Comparative genomics of family-specific regulation

To describe three interacting regulatory systems, comparative genomic approaches were used [109]. Candidate sites were identified in upstream regions of annotated genes, including hypothetical ones. A gene was considered a putative member of a regulog (a group of regulated orthologs) [110], if it had an upstream candidate site in several genomes. Site search was performed in gene upstream regions, -500 to +100 nucleotides relative to the gene start, excluding coding regions of upstream genes. The recognition profiles (nucleotide weight matrices) [109] for Fnr [27], ArcA [28] and NarP [24] were described previously. The recognition profiles and sequence logos are shown in additional files 8 and 9, respectively.

The cutoff profile scores for ArcA and FNR sites were set using known E. coli sites from the dpinteract database [111]. All E. coli FNR-binding sites passed the threshold 3.75, and all E. coli ArcA binding sites, but one outlier (upstream of the gene pflA), scored above the used threshold 4.00. With these parameters about 600 genes per genome had candidate sites in upstream regions. The cutoff for candidate NarP binding sites (3.50) was defined as the minimum score of candidate NarP sites upstream of the nitrate and nitrite respiration genes (nap, nrf and ccm) in all studied genomes. This cutoff produced about 300 genes per genome.

Clearly, most candidate sites at this stage were false positives, but the threshold could not be made stricter without loss of true sites. Anyhow, after the filtration procedure described below the number of candidate regulog members significantly decreased. Only few genes with no obvious functional link to the studied systems remained, and in most cases this was caused by sites occurring upstream of divergently transcribed genes. These observations demonstrate that the filtration procedure seems to be sufficiently effective to remove most false positives. On the other hand, each individual prediction should be considered as preliminary. Another caveat is that "orphan" sites (species-specific sites upstream of genes not regulated by other considered factors) cannot be identified by the applied procedure.

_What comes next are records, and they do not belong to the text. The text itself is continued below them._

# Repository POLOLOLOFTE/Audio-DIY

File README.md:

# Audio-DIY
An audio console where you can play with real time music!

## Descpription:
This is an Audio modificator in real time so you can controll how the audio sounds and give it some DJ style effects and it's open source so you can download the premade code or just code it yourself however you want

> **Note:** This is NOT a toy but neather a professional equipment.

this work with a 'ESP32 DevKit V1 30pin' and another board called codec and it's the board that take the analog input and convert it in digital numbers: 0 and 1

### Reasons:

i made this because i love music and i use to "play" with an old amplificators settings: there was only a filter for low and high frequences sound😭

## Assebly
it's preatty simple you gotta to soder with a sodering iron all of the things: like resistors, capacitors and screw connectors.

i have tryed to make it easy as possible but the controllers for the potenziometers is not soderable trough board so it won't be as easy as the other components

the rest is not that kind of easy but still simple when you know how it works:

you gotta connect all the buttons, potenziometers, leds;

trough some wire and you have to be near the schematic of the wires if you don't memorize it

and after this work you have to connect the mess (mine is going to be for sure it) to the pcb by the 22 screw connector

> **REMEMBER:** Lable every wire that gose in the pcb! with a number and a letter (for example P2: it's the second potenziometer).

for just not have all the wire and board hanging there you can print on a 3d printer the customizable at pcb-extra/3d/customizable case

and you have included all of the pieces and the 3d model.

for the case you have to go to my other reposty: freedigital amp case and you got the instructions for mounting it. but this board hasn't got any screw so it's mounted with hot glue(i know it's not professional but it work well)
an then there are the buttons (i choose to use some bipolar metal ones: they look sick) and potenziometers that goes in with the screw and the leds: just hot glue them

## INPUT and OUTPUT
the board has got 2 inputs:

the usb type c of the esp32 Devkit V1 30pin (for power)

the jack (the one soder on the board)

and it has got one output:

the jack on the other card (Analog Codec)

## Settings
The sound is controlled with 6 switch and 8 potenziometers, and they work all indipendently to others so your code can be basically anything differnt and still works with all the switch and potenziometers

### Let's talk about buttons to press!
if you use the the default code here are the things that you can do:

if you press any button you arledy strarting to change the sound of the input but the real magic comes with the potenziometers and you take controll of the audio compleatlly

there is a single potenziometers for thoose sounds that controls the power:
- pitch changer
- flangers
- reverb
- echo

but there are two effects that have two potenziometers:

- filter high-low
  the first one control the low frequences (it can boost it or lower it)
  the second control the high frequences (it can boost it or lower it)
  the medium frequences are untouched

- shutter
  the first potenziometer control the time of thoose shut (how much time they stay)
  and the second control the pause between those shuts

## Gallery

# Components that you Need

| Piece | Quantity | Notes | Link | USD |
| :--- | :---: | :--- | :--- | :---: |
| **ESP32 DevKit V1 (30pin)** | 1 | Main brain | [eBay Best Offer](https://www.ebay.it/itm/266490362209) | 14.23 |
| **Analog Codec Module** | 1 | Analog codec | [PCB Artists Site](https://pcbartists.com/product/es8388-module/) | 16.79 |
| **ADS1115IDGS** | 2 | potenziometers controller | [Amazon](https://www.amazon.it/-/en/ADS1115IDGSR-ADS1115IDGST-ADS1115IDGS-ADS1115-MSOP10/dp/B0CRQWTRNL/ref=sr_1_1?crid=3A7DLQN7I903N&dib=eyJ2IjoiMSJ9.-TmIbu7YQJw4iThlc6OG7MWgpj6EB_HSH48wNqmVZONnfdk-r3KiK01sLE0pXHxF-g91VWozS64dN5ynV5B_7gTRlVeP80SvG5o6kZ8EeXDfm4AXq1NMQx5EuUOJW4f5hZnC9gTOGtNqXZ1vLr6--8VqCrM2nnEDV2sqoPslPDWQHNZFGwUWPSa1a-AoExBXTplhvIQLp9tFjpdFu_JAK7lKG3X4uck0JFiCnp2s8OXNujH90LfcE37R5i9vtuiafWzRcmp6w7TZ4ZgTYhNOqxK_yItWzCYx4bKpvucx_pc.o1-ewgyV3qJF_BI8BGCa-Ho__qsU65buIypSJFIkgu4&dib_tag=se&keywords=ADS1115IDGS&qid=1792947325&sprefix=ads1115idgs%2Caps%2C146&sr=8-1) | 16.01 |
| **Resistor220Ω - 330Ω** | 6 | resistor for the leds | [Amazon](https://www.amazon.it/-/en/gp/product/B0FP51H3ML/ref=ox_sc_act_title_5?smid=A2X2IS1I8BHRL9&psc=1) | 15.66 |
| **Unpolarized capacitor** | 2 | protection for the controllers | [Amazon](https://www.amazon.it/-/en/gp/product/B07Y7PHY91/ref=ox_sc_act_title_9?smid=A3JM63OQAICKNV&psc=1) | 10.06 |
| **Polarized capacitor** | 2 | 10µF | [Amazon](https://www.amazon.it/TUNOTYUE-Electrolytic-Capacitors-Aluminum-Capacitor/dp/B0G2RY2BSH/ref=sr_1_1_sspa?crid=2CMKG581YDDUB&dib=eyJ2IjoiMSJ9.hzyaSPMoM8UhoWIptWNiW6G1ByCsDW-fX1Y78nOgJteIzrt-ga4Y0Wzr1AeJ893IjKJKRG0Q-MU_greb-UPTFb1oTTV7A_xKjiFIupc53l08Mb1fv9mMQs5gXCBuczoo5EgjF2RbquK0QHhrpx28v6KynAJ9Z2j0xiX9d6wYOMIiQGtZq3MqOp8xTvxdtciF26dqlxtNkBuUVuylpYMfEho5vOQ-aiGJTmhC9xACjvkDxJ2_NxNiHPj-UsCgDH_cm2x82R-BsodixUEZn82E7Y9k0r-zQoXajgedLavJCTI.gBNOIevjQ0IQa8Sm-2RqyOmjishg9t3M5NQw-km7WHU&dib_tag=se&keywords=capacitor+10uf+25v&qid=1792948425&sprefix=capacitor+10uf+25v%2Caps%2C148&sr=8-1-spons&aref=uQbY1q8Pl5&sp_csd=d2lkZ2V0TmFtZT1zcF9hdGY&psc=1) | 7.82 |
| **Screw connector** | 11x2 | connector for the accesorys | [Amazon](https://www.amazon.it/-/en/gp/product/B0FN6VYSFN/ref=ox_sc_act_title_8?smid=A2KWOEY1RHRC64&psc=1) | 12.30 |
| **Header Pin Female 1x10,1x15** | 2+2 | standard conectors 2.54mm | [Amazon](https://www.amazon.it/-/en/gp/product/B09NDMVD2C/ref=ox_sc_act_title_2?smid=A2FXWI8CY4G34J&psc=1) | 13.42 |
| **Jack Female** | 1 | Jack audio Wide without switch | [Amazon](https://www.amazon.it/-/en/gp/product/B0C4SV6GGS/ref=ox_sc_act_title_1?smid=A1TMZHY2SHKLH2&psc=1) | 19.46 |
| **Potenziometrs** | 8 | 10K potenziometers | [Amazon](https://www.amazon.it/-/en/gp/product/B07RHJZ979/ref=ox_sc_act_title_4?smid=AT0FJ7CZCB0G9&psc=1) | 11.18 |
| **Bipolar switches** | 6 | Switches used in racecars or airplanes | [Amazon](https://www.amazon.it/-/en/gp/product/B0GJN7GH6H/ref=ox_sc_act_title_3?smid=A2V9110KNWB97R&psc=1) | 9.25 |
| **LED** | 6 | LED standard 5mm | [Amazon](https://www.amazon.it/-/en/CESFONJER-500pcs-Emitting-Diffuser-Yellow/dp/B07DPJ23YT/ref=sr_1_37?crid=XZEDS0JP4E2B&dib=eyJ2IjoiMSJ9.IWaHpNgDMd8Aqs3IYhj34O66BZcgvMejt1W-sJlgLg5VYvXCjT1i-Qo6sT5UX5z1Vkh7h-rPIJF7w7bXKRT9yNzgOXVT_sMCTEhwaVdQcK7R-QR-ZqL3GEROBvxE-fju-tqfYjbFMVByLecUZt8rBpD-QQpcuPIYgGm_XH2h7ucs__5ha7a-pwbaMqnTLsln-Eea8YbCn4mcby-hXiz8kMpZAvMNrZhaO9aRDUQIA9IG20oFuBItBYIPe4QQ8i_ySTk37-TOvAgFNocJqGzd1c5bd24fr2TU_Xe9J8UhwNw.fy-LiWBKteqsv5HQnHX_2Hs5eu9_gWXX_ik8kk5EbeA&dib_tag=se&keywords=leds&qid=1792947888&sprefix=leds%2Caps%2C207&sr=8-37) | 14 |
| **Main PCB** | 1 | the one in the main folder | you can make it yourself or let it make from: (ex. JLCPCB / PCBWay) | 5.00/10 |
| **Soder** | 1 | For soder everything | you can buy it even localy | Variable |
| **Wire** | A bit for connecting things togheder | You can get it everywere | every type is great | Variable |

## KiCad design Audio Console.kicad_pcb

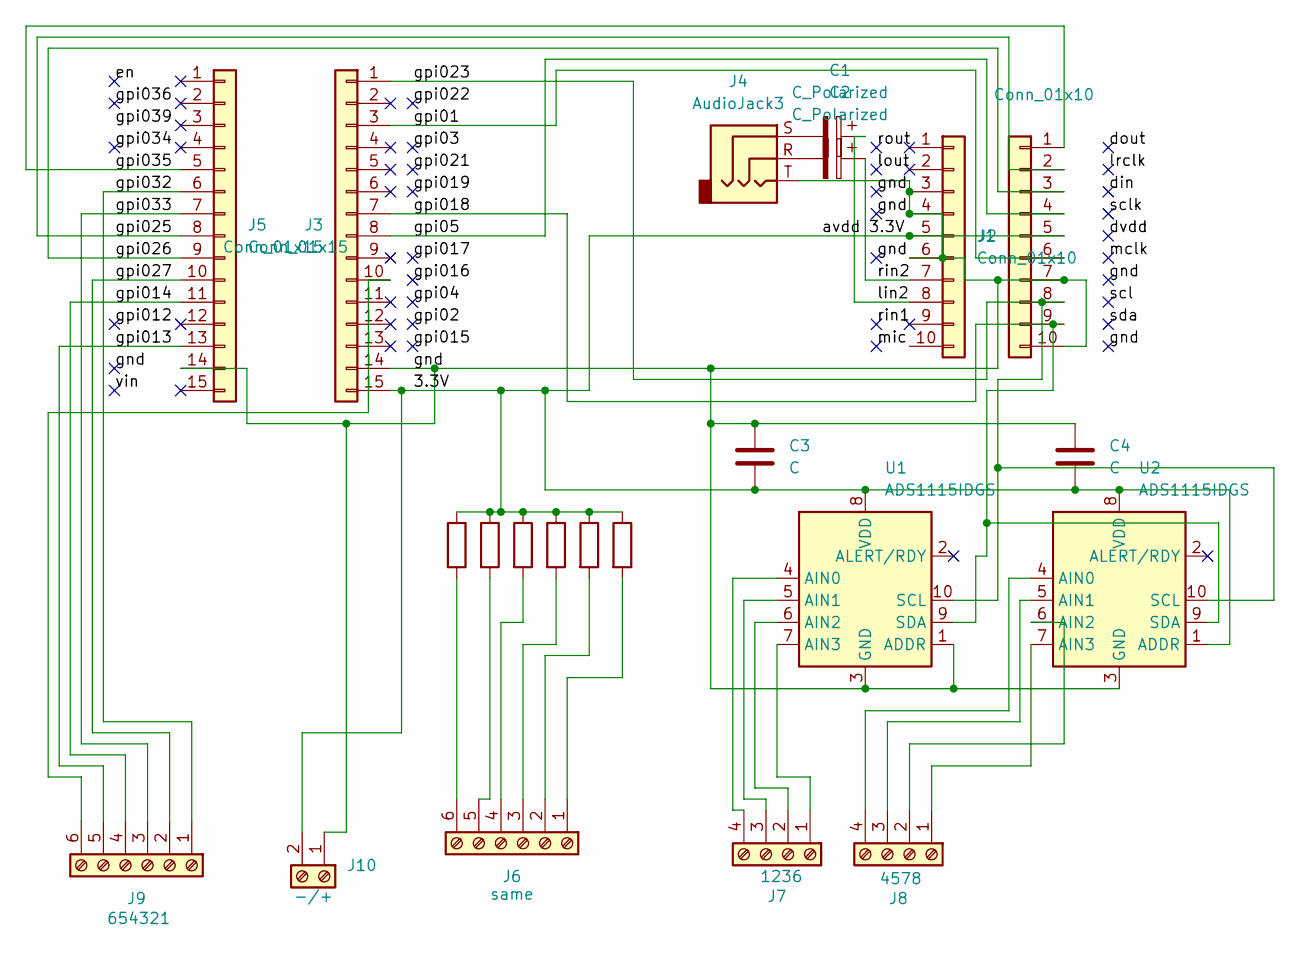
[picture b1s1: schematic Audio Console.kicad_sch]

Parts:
C1, C2: C_Polarized; CP_Radial_D5.0mm_P2.00mm
C3, C4: C; C_Disc_D5.0mm_W2.5mm_P5.00mm
J1, J2: Conn_01x10; PinSocket_1x10_P2.54mm_Vertical
J3, J5: Conn_01x15; PinSocket_1x15_P2.54mm_Vertical
J4: AudioJack3; Jack_3.5mm_CUI_SJ1-3523N_Horizontal
J6: same; TerminalBlock_Phoenix_MKDS-1,5-6-5.08_1x06_P5.08mm_Horizont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
J7: 1236; TerminalBlock_Phoenix_MKDS-1,5-4-5.08_1x04_P5.08mm_Horizont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
J8: 4578; TerminalBlock_Phoenix_MKDS-1,5-4-5.08_1x04_P5.08mm_Horizont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
J9: 654321; TerminalBlock_Phoenix_MKDS-1,5-6-5.08_1x06_P5.08mm_Horizont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
J10: -/+; TerminalBlock_Phoenix_MKDS-1,5-2-5.08_1x02_P5.08mm_Horizont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
R1, R2, R3, R4, R5, R6: R; R_Axial_DIN0207_L6.3mm_D2.5mm_P7.62mm_Horizontal
U1, U2: ADS1115IDGS; TSSOP-10_3x3mm_P0.5mm

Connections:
/3.3V: C3.2, C4.2, J1.5, J2.5, J3.15, J10.2, R1.1, R2.1, R3.1, R4.1, R5.1, R6.1, U1.8 (VDD), U2.1 (ADDR), U2.8 (VDD)
/gnd: C3.1, C4.1, J1.3, J1.4, J1.6, J2.7, J2.10, J3.14, J4.T, J5.14, J10.1, U1.1 (ADDR), U1.3 (GND), U2.3 (GND)
/gpi01: J2.6, J3.3
/gpi05: J2.4, J3.8
/gpi013: J5.13, J9.5
/gpi014: J5.11, J9.4
/gpi018: J2.9, J3.7, U1.9 (SDA), U2.9 (SDA)
/gpi023: J2.8, J3.1, U1.10 (SCL), U2.10 (SCL)
/gpi025: J2.2, J5.8
/gpi026: J2.3, J5.9
/gpi027: J5.10, J9.2
/gpi032: J5.6, J9.1
/gpi033: J5.7, J9.3
/gpi035: J2.1, J5.5
/lin2: C1.1, J1.8
/rin2: C2.1, J1.7
unnamed: C1.2, J4.S
unnamed: C2.2, J4.R
unnamed: J3.10, J9.6
unnamed: J6.1, R6.2
unnamed: J6.2, R5.2
unnamed: J6.3, R4.2
unnamed: J6.4, R3.2
unnamed: J6.5, R2.2
unnamed: J6.6, R1.2
unnamed: J7.1, U1.7 (AIN3)
unnamed: J7.2, U1.6 (AIN2)
unnamed: J7.3, U1.5 (AIN1)
unnamed: J7.4, U1.4 (AIN0)
unnamed: J8.1, U2.7 (AIN3)
unnamed: J8.2, U2.6 (AIN2)
unnamed: J8.3, U2.5 (AIN1)
unnamed: J8.4, U2.4 (AIN0)

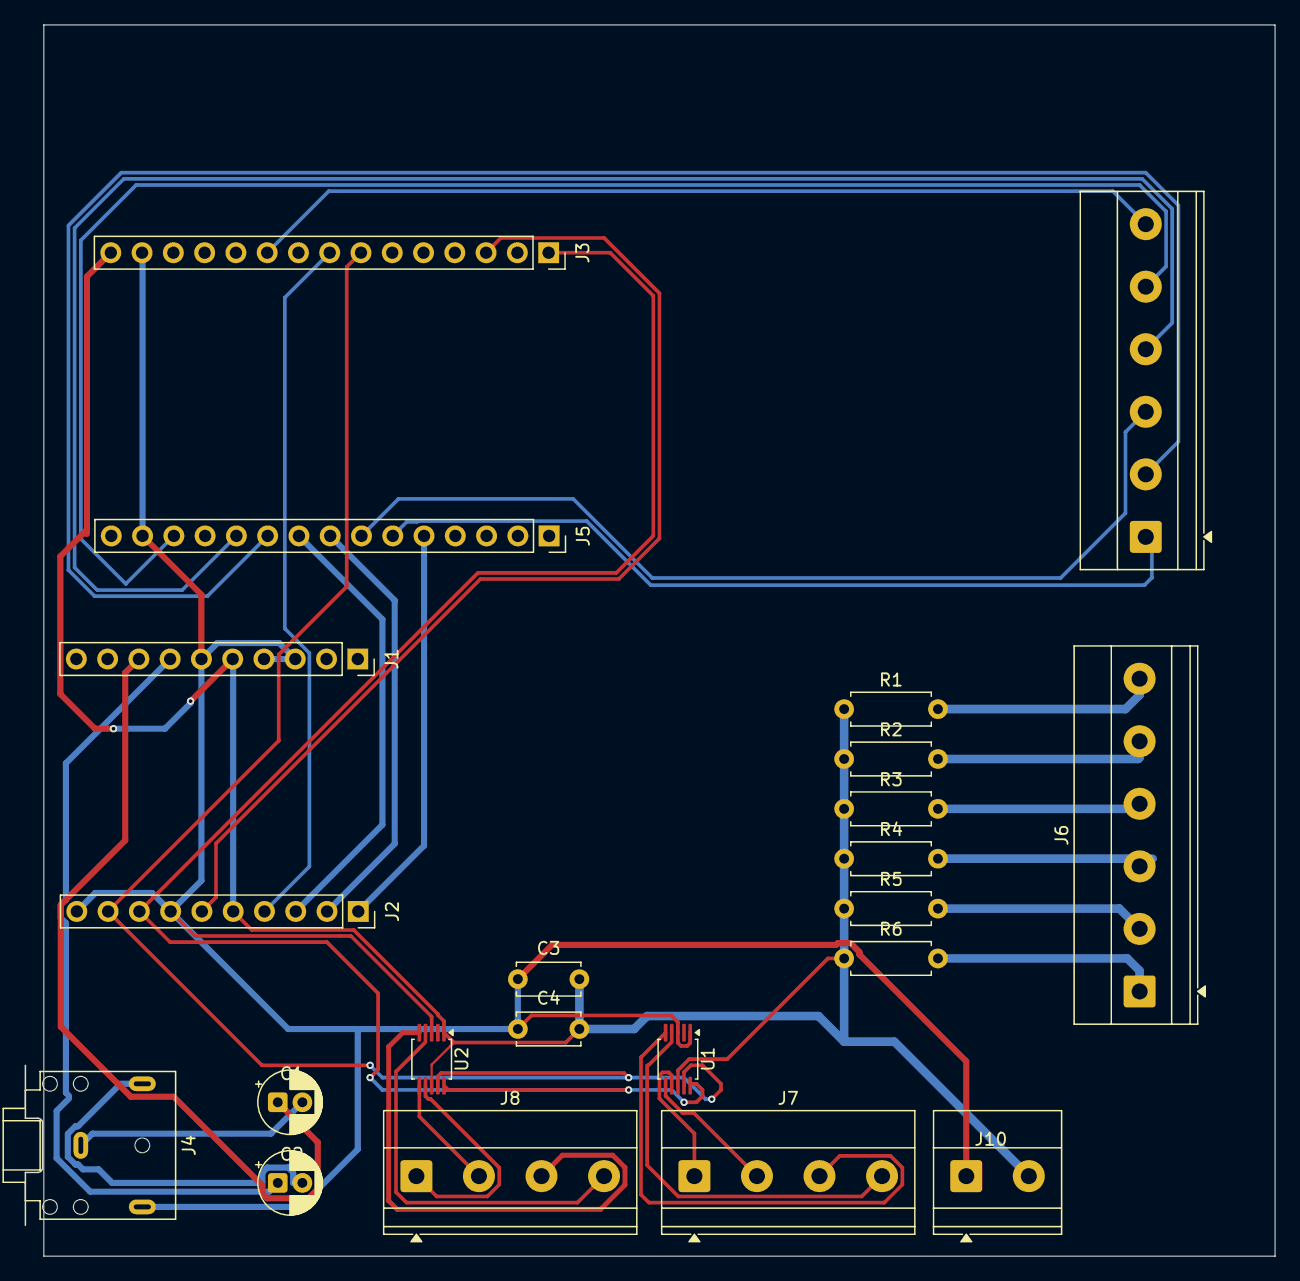
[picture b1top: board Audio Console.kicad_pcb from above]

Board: 2 copper layers, 101.5 x 100.0 mm, 22 parts (0 on the bottom side), 33 nets.

Possible operon structure was taken into account as follows. Genes were assumed to belong to one operon if (i) they were transcribed in the same direction, (ii) the intergenic distances did not exceed 200 nucleotides, and (iii) two previous conditions were met in genomes from different families. These conditions are known to perform well in operon prediction [111].

As the regulation of respiration had not been experimentally analyzed in any of the studied organisms, we developed a technique based on exhaustive pairwise comparison of genomes within taxonomic groups. For the Pasteurellaceae and the Vibrionaceae, a gene was assigned to a regulog if candidate regulatory sites were found upstream of an operon containing this gene in at least three genomes of organisms from the same family. For the Yersinia spp., a gene was considered to be a member of a regulog if candidate sites were found in both Y. pestis and Y. enterocolitica genomes. Such sites were called "conserved sites". Sites that did not satisfy these requirements were called "nonconserved". Further, if a site for one regulator was found upstream of a particular gene in one taxon, we searched for sites for all three regulators upstream of this gene and its orthologs in all studied genomes.

This approach allowed us to find new members of regulogs and to describe taxon-specific features of regulation. Its limitation is that it allows one to detect only the fact of regulation but, due to the absence of mapped promoters in the studied genomes, does not predict the type of regulation, such as repression or activation.

Programs

The search for candidate sites was done using Genome Explorer [112]. Orthologs were determined as pairs of best bi-directional hits [113] identified by Genome Explorer [112]. Multiple sequence alignments and phylogenetic trees were done using ClustalX [114]. Search for homologs of studied genes in sequence databases was done using the BLAST program [115] with E-value cutoff e-20.